**PROVIDED MATERIAL**
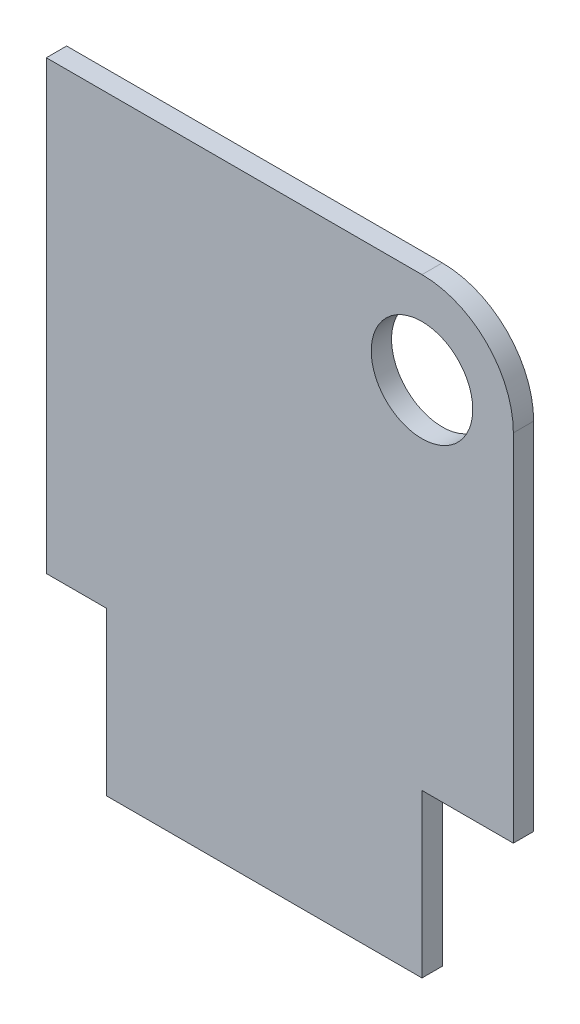
from build123d import *

# Parameters (mm, degrees)
ESQUISSE1_R        = 25
BOSS_EXTRU_1_DEPTH = 10


with BuildPart() as part:
    # Esquisse1 → Boss.-Extru.1 (new body)
    with BuildSketch(Plane.XY):
        with BuildLine():
            Line((0, 80), (0, 255))
            ThreePointArc((0, 255), (-13.180194847, 286.819805153), (-45, 300))
            Line((-45, 300), (-230, 300))
            Line((-230, 300), (-230, 80))
            Line((-230, 80), (-200.352260949, 80))
            Line((-200.352260949, 80), (-200.352260949, 0))
            Line((-200.352260949, 0), (-45, 0))
            Line((-45, 0), (-45, 80))
            Line((-45, 80), (0, 80))
        make_face()
        with Locations((-45, 255)):
            Circle(ESQUISSE1_R, mode=Mode.SUBTRACT)
    extrude(amount=BOSS_EXTRU_1_DEPTH)


solid = part.part

**BRIEF**
The assignment is to restate, word for word, each line from the one containing "Line((-230, 80), (-200.352260949, 80))" through the final line of the material above.

**RESPONSE TO THE EXERCISE**
            Line((-230, 80), (-200.352260949, 80))
            Line((-200.352260949, 80), (-200.352260949, 0))
            Line((-200.352260949, 0), (-45, 0))
            Line((-45, 0), (-45, 80))
            Line((-45, 80), (0, 80))
        make_face()
        with Locations((-45, 255)):
            Circle(ESQUISSE1_R, mode=Mode.SUBTRACT)
    extrude(amount=BOSS_EXTRU_1_DEPTH)


solid = part.part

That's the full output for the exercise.